An image-free, verbatim transcription of the records is the expected result.

= Beginning of Section =

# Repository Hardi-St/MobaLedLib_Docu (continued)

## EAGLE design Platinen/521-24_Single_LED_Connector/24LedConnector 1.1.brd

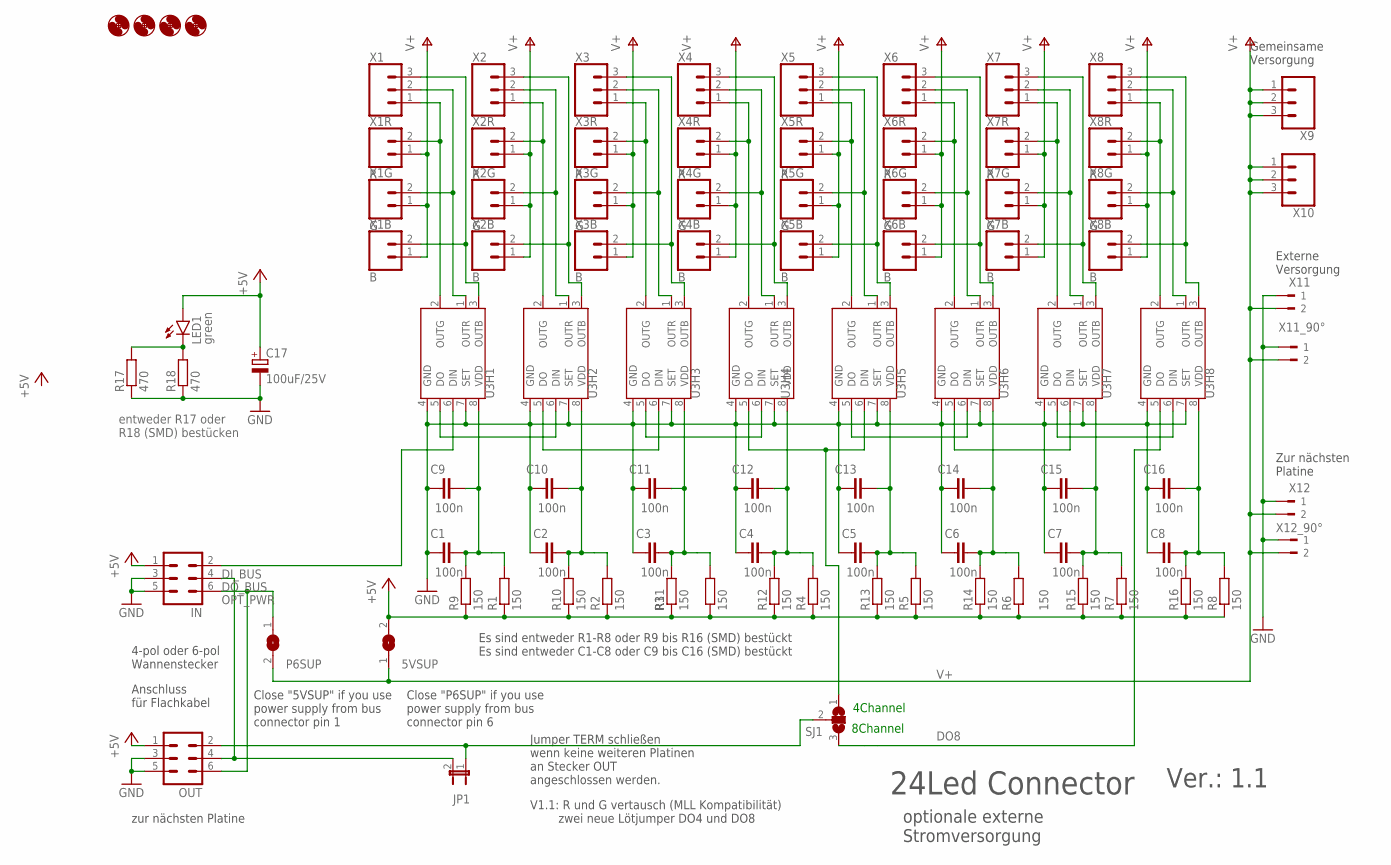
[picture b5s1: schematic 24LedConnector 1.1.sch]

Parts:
5VSUP: SJ
C1, C2, C3, C4, C5, C6, C7, C8: 100n; C025-024X044
C9, C10, C11, C12, C13, C14, C15, C16: 100n; C0805
C17: 100uF/25V; E3,5-8
H1, H2, H3, H4: MOUNT-HOLE2.0; 2,0
IN: ML6
JP1: JP1E; JP1
LED1: green; LED3MM
OUT: ML6
P6SUP: SJ
R1, R2, R3, R4, R5, R6, R7, R8: 150; 0204V
R9, R10, R11, R12, R13, R14, R15, R16: 150; M0805
R17: 470; M0805
R18: 470; 0204V
SJ1: SJ2W; SJ_2
U3H1, U3H2, U3H3, U3H4, U3H5, U3H6, U3H7, U3H8: WS2811; SOP8
X1, X2, X3, X4, X5, X6, X7, X8, X9, X10: CONN_03SCREW-NS; SCREWTERMINAL-3.5MM-3-NS
X1B, X2B, X3B, X4B, X5B, X6B, X7B, X8B: B; 1X02
X1G, X2G, X3G, X4G, X5G, X6G, X7G, X8G: G; 1X02
X1R, X2R, X3R, X4R, X5R, X6R, X7R, X8R: R; 1X02
X11, X12: 180-2
X11_90°, X12_90°: 90-2

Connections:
+5V: 5VSUP.2, C17.+, IN.1, LED1.A, OUT.1, R1.1, R2.1, R3.1, R4.1, R5.1, R6.1, R7.1, R8.1, R9.1, R10.1, R11.1, R12.1, R13.1, R14.1, R15.1, R16.1
B1: U3H1.3 (OUTB), X1.3, X1B.2
B2: U3H2.3 (OUTB), X2.3, X2B.2
B3: U3H3.3 (OUTB), X3.3, X3B.2
B4: U3H4.3 (OUTB), X4.3, X4B.2
B5: U3H5.3 (OUTB), X5.3, X5B.2
B6: U3H6.3 (OUTB), X6.3, X6B.2
B7: U3H7.3 (OUTB), X7.3, X7B.2
B8: U3H8.3 (OUTB), X8.3, X8B.2
DI_BUS: IN.2, U3H1.6 (DIN)
DO1DI2: U3H1.5 (DO), U3H2.6 (DIN)
DO2DI3: U3H2.5 (DO), U3H3.6 (DIN)
DO3DI4: U3H3.5 (DO), U3H4.6 (DIN)
DO4DI5: SJ1.1, U3H4.5 (DO), U3H5.6 (DIN)
DO5DI6: U3H5.5 (DO), U3H6.6 (DIN)
DO6DI7: U3H6.5 (DO), U3H7.6 (DIN)
DO7DI8: U3H7.5 (DO), U3H8.6 (DIN)
DO8: SJ1.3, U3H8.5 (DO)
DO_BUS: IN.4, JP1.2, OUT.4
DO_MODULE: JP1.1, OUT.2, SJ1.2
G1: U3H1.1 (OUTR), X1.2, X1G.2
G2: U3H2.1 (OUTR), X2.2, X2G.2
G3: U3H3.1 (OUTR), X3.2, X3G.2
G4: U3H4.1 (OUTR), X4.2, X4G.2
G5: U3H5.1 (OUTR), X5.2, X5G.2
G6: U3H6.1 (OUTR), X6.2, X6G.2
G7: U3H7.1 (OUTR), X7.2, X7G.2
G8: U3H8.1 (OUTR), X8.2, X8G.2
GND: C1.1, C2.1, C3.1, C4.1, C5.1, C6.1, C7.1, C8.1, C9.1, C10.1, C11.1, C12.1, C13.1, C14.1, C15.1, C16.1, C17.-, IN.3, IN.5, OUT.3, OUT.5, R17.1, R18.1, U3H1.4 (GND), U3H1.7 (SET), U3H2.4 (GND), U3H2.7 (SET), U3H3.4 (GND), U3H3.7 (SET), U3H4.4 (GND), U3H4.7 (SET), U3H5.4 (GND), U3H5.7 (SET), U3H6.4 (GND), U3H6.7 (SET), U3H7.4 (GND), U3H7.7 (SET), U3H8.4 (GND), U3H8.7 (SET), X11.1, X11_90°.1, X12.1, X12_90°.1
OPT_PWR: IN.6, OUT.6, P6SUP.1
POWERLED: LED1.K (C), R17.2, R18.2
R1: U3H1.2 (OUTG), X1.1, X1R.2
R2: U3H2.2 (OUTG), X2.1, X2R.2
R3: U3H3.2 (OUTG), X3.1, X3R.2
R4: U3H4.2 (OUTG), X4.1, X4R.2
R5: U3H5.2 (OUTG), X5.1, X5R.2
R6: U3H6.2 (OUTG), X6.1, X6R.2
R7: U3H7.2 (OUTG), X7.1, X7R.2
R8: U3H8.2 (OUTG), X8.1, X8R.2
V+: 5VSUP.1, P6SUP.2, X1B.1, X1G.1, X1R.1, X2B.1, X2G.1, X2R.1, X3B.1, X3G.1, X3R.1, X4B.1, X4G.1, X4R.1, X5B.1, X5G.1, X5R.1, X6B.1, X6G.1, X6R.1, X7B.1, X7G.1, X7R.1, X8B.1, X8G.1, X8R.1, X9.1, X9.2, X9.3, X10.1, X10.2, X10.3, X11.2, X11_90°.2, X12.2, X12_90°.2
VDD'1: C1.2, C9.2, R1.2, R9.2, U3H1.8 (VDD)
VDD'2: C2.2, C10.2, R2.2, R10.2, U3H2.8 (VDD)
VDD'3: C3.2, C11.2, R3.2, R11.2, U3H3.8 (VDD)
VDD'4: C4.2, C12.2, R4.2, R12.2, U3H4.8 (VDD)
VDD'5: C5.2, C13.2, R5.2, R13.2, U3H5.8 (VDD)
VDD'6: C6.2, C14.2, R6.2, R14.2, U3H6.8 (VDD)
VDD'7: C7.2, C15.2, R7.2, R15.2, U3H7.8 (VDD)
VDD'8: C8.2, C16.2, R8.2, R16.2, U3H8.8 (VDD)

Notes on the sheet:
Anschluss für Flachkabel
4-pol oder 6-pol Wannenstecker
Close "P6SUP" if you use power supply from bus connector pin 6
zur nächsten Platine
Gemeinsame Versorgung
24Led Connector
optionale externe Stromversorgung
Ver.: 1.1
Jumper TERM schließen wenn keine weiteren Platinen an Stecker OUT angeschlossen werden.
Zur nächsten Platine
Close "5VSUP" if you use power supply from bus connector pin 1
Externe Versorgung
Es sind entweder R1-R8 oder R9 bis R16 (SMD) bestückt Es sind entweder C1-C8 oder C9 bis C16 (SMD) bestückt
entweder R17 oder R18 (SMD) bestücken
V1.1: R und G vertausch (MLL Kompatibilität) zwei neue Lötjumper DO4 und DO8
4Channel
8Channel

= End of Section =

◆ Answer to the problem ◆
# Repository Hardi-St/MobaLedLib_Docu (continued)

## EAGLE design Platinen/521-24_Single_LED_Connector/24LedConnector 1.1.brd

[picture b5s1: schematic 24LedConnector 1.1.sch]

Parts:
5VSUP: SJ
C1, C2, C3, C4, C5, C6, C7, C8: 100n; C025-024X044
C9, C10, C11, C12, C13, C14, C15, C16: 100n; C0805
C17: 100uF/25V; E3,5-8
H1, H2, H3, H4: MOUNT-HOLE2.0; 2,0
IN: ML6
JP1: JP1E; JP1
LED1: green; LED3MM
OUT: ML6
P6SUP: SJ
R1, R2, R3, R4, R5, R6, R7, R8: 150; 0204V
R9, R10, R11, R12, R13, R14, R15, R16: 150; M0805
R17: 470; M0805
R18: 470; 0204V
SJ1: SJ2W; SJ_2
U3H1, U3H2, U3H3, U3H4, U3H5, U3H6, U3H7, U3H8: WS2811; SOP8
X1, X2, X3, X4, X5, X6, X7, X8, X9, X10: CONN_03SCREW-NS; SCREWTERMINAL-3.5MM-3-NS
X1B, X2B, X3B, X4B, X5B, X6B, X7B, X8B: B; 1X02
X1G, X2G, X3G, X4G, X5G, X6G, X7G, X8G: G; 1X02
X1R, X2R, X3R, X4R, X5R, X6R, X7R, X8R: R; 1X02
X11, X12: 180-2
X11_90°, X12_90°: 90-2

Connections:
+5V: 5VSUP.2, C17.+, IN.1, LED1.A, OUT.1, R1.1, R2.1, R3.1, R4.1, R5.1, R6.1, R7.1, R8.1, R9.1, R10.1, R11.1, R12.1, R13.1, R14.1, R15.1, R16.1
B1: U3H1.3 (OUTB), X1.3, X1B.2
B2: U3H2.3 (OUTB), X2.3, X2B.2
B3: U3H3.3 (OUTB), X3.3, X3B.2
B4: U3H4.3 (OUTB), X4.3, X4B.2
B5: U3H5.3 (OUTB), X5.3, X5B.2
B6: U3H6.3 (OUTB), X6.3, X6B.2
B7: U3H7.3 (OUTB), X7.3, X7B.2
B8: U3H8.3 (OUTB), X8.3, X8B.2
DI_BUS: IN.2, U3H1.6 (DIN)
DO1DI2: U3H1.5 (DO), U3H2.6 (DIN)
DO2DI3: U3H2.5 (DO), U3H3.6 (DIN)
DO3DI4: U3H3.5 (DO), U3H4.6 (DIN)
DO4DI5: SJ1.1, U3H4.5 (DO), U3H5.6 (DIN)
DO5DI6: U3H5.5 (DO), U3H6.6 (DIN)
DO6DI7: U3H6.5 (DO), U3H7.6 (DIN)
DO7DI8: U3H7.5 (DO), U3H8.6 (DIN)
DO8: SJ1.3, U3H8.5 (DO)
DO_BUS: IN.4, JP1.2, OUT.4
DO_MODULE: JP1.1, OUT.2, SJ1.2
G1: U3H1.1 (OUTR), X1.2, X1G.2
G2: U3H2.1 (OUTR), X2.2, X2G.2
G3: U3H3.1 (OUTR), X3.2, X3G.2
G4: U3H4.1 (OUTR), X4.2, X4G.2
G5: U3H5.1 (OUTR), X5.2, X5G.2
G6: U3H6.1 (OUTR), X6.2, X6G.2
G7: U3H7.1 (OUTR), X7.2, X7G.2
G8: U3H8.1 (OUTR), X8.2, X8G.2
GND: C1.1, C2.1, C3.1, C4.1, C5.1, C6.1, C7.1, C8.1, C9.1, C10.1, C11.1, C12.1, C13.1, C14.1, C15.1, C16.1, C17.-, IN.3, IN.5, OUT.3, OUT.5, R17.1, R18.1, U3H1.4 (GND), U3H1.7 (SET), U3H2.4 (GND), U3H2.7 (SET), U3H3.4 (GND), U3H3.7 (SET), U3H4.4 (GND), U3H4.7 (SET), U3H5.4 (GND), U3H5.7 (SET), U3H6.4 (GND), U3H6.7 (SET), U3H7.4 (GND), U3H7.7 (SET), U3H8.4 (GND), U3H8.7 (SET), X11.1, X11_90°.1, X12.1, X12_90°.1
OPT_PWR: IN.6, OUT.6, P6SUP.1
POWERLED: LED1.K (C), R17.2, R18.2
R1: U3H1.2 (OUTG), X1.1, X1R.2
R2: U3H2.2 (OUTG), X2.1, X2R.2
R3: U3H3.2 (OUTG), X3.1, X3R.2
R4: U3H4.2 (OUTG), X4.1, X4R.2
R5: U3H5.2 (OUTG), X5.1, X5R.2
R6: U3H6.2 (OUTG), X6.1, X6R.2
R7: U3H7.2 (OUTG), X7.1, X7R.2
R8: U3H8.2 (OUTG), X8.1, X8R.2
V+: 5VSUP.1, P6SUP.2, X1B.1, X1G.1, X1R.1, X2B.1, X2G.1, X2R.1, X3B.1, X3G.1, X3R.1, X4B.1, X4G.1, X4R.1, X5B.1, X5G.1, X5R.1, X6B.1, X6G.1, X6R.1, X7B.1, X7G.1, X7R.1, X8B.1, X8G.1, X8R.1, X9.1, X9.2, X9.3, X10.1, X10.2, X10.3, X11.2, X11_90°.2, X12.2, X12_90°.2
VDD'1: C1.2, C9.2, R1.2, R9.2, U3H1.8 (VDD)
VDD'2: C2.2, C10.2, R2.2, R10.2, U3H2.8 (VDD)
VDD'3: C3.2, C11.2, R3.2, R11.2, U3H3.8 (VDD)
VDD'4: C4.2, C12.2, R4.2, R12.2, U3H4.8 (VDD)
VDD'5: C5.2, C13.2, R5.2, R13.2, U3H5.8 (VDD)
VDD'6: C6.2, C14.2, R6.2, R14.2, U3H6.8 (VDD)
VDD'7: C7.2, C15.2, R7.2, R15.2, U3H7.8 (VDD)
VDD'8: C8.2, C16.2, R8.2, R16.2, U3H8.8 (VDD)

Notes on the sheet:
Anschluss für Flachkabel
4-pol oder 6-pol Wannenstecker
Close "P6SUP" if you use power supply from bus connector pin 6
zur nächsten Platine
Gemeinsame Versorgung
24Led Connector
optionale externe Stromversorgung
Ver.: 1.1
Jumper TERM schließen wenn keine weiteren Platinen an Stecker OUT angeschlossen werden.
Zur nächsten Platine
Close "5VSUP" if you use power supply from bus connector pin 1
Externe Versorgung
Es sind entweder R1-R8 oder R9 bis R16 (SMD) bestückt Es sind entweder C1-C8 oder C9 bis C16 (SMD) bestückt
entweder R17 oder R18 (SMD) bestücken
V1.1: R und G vertausch (MLL Kompatibilität) zwei neue Lötjumper DO4 und DO8
4Channel
8Channel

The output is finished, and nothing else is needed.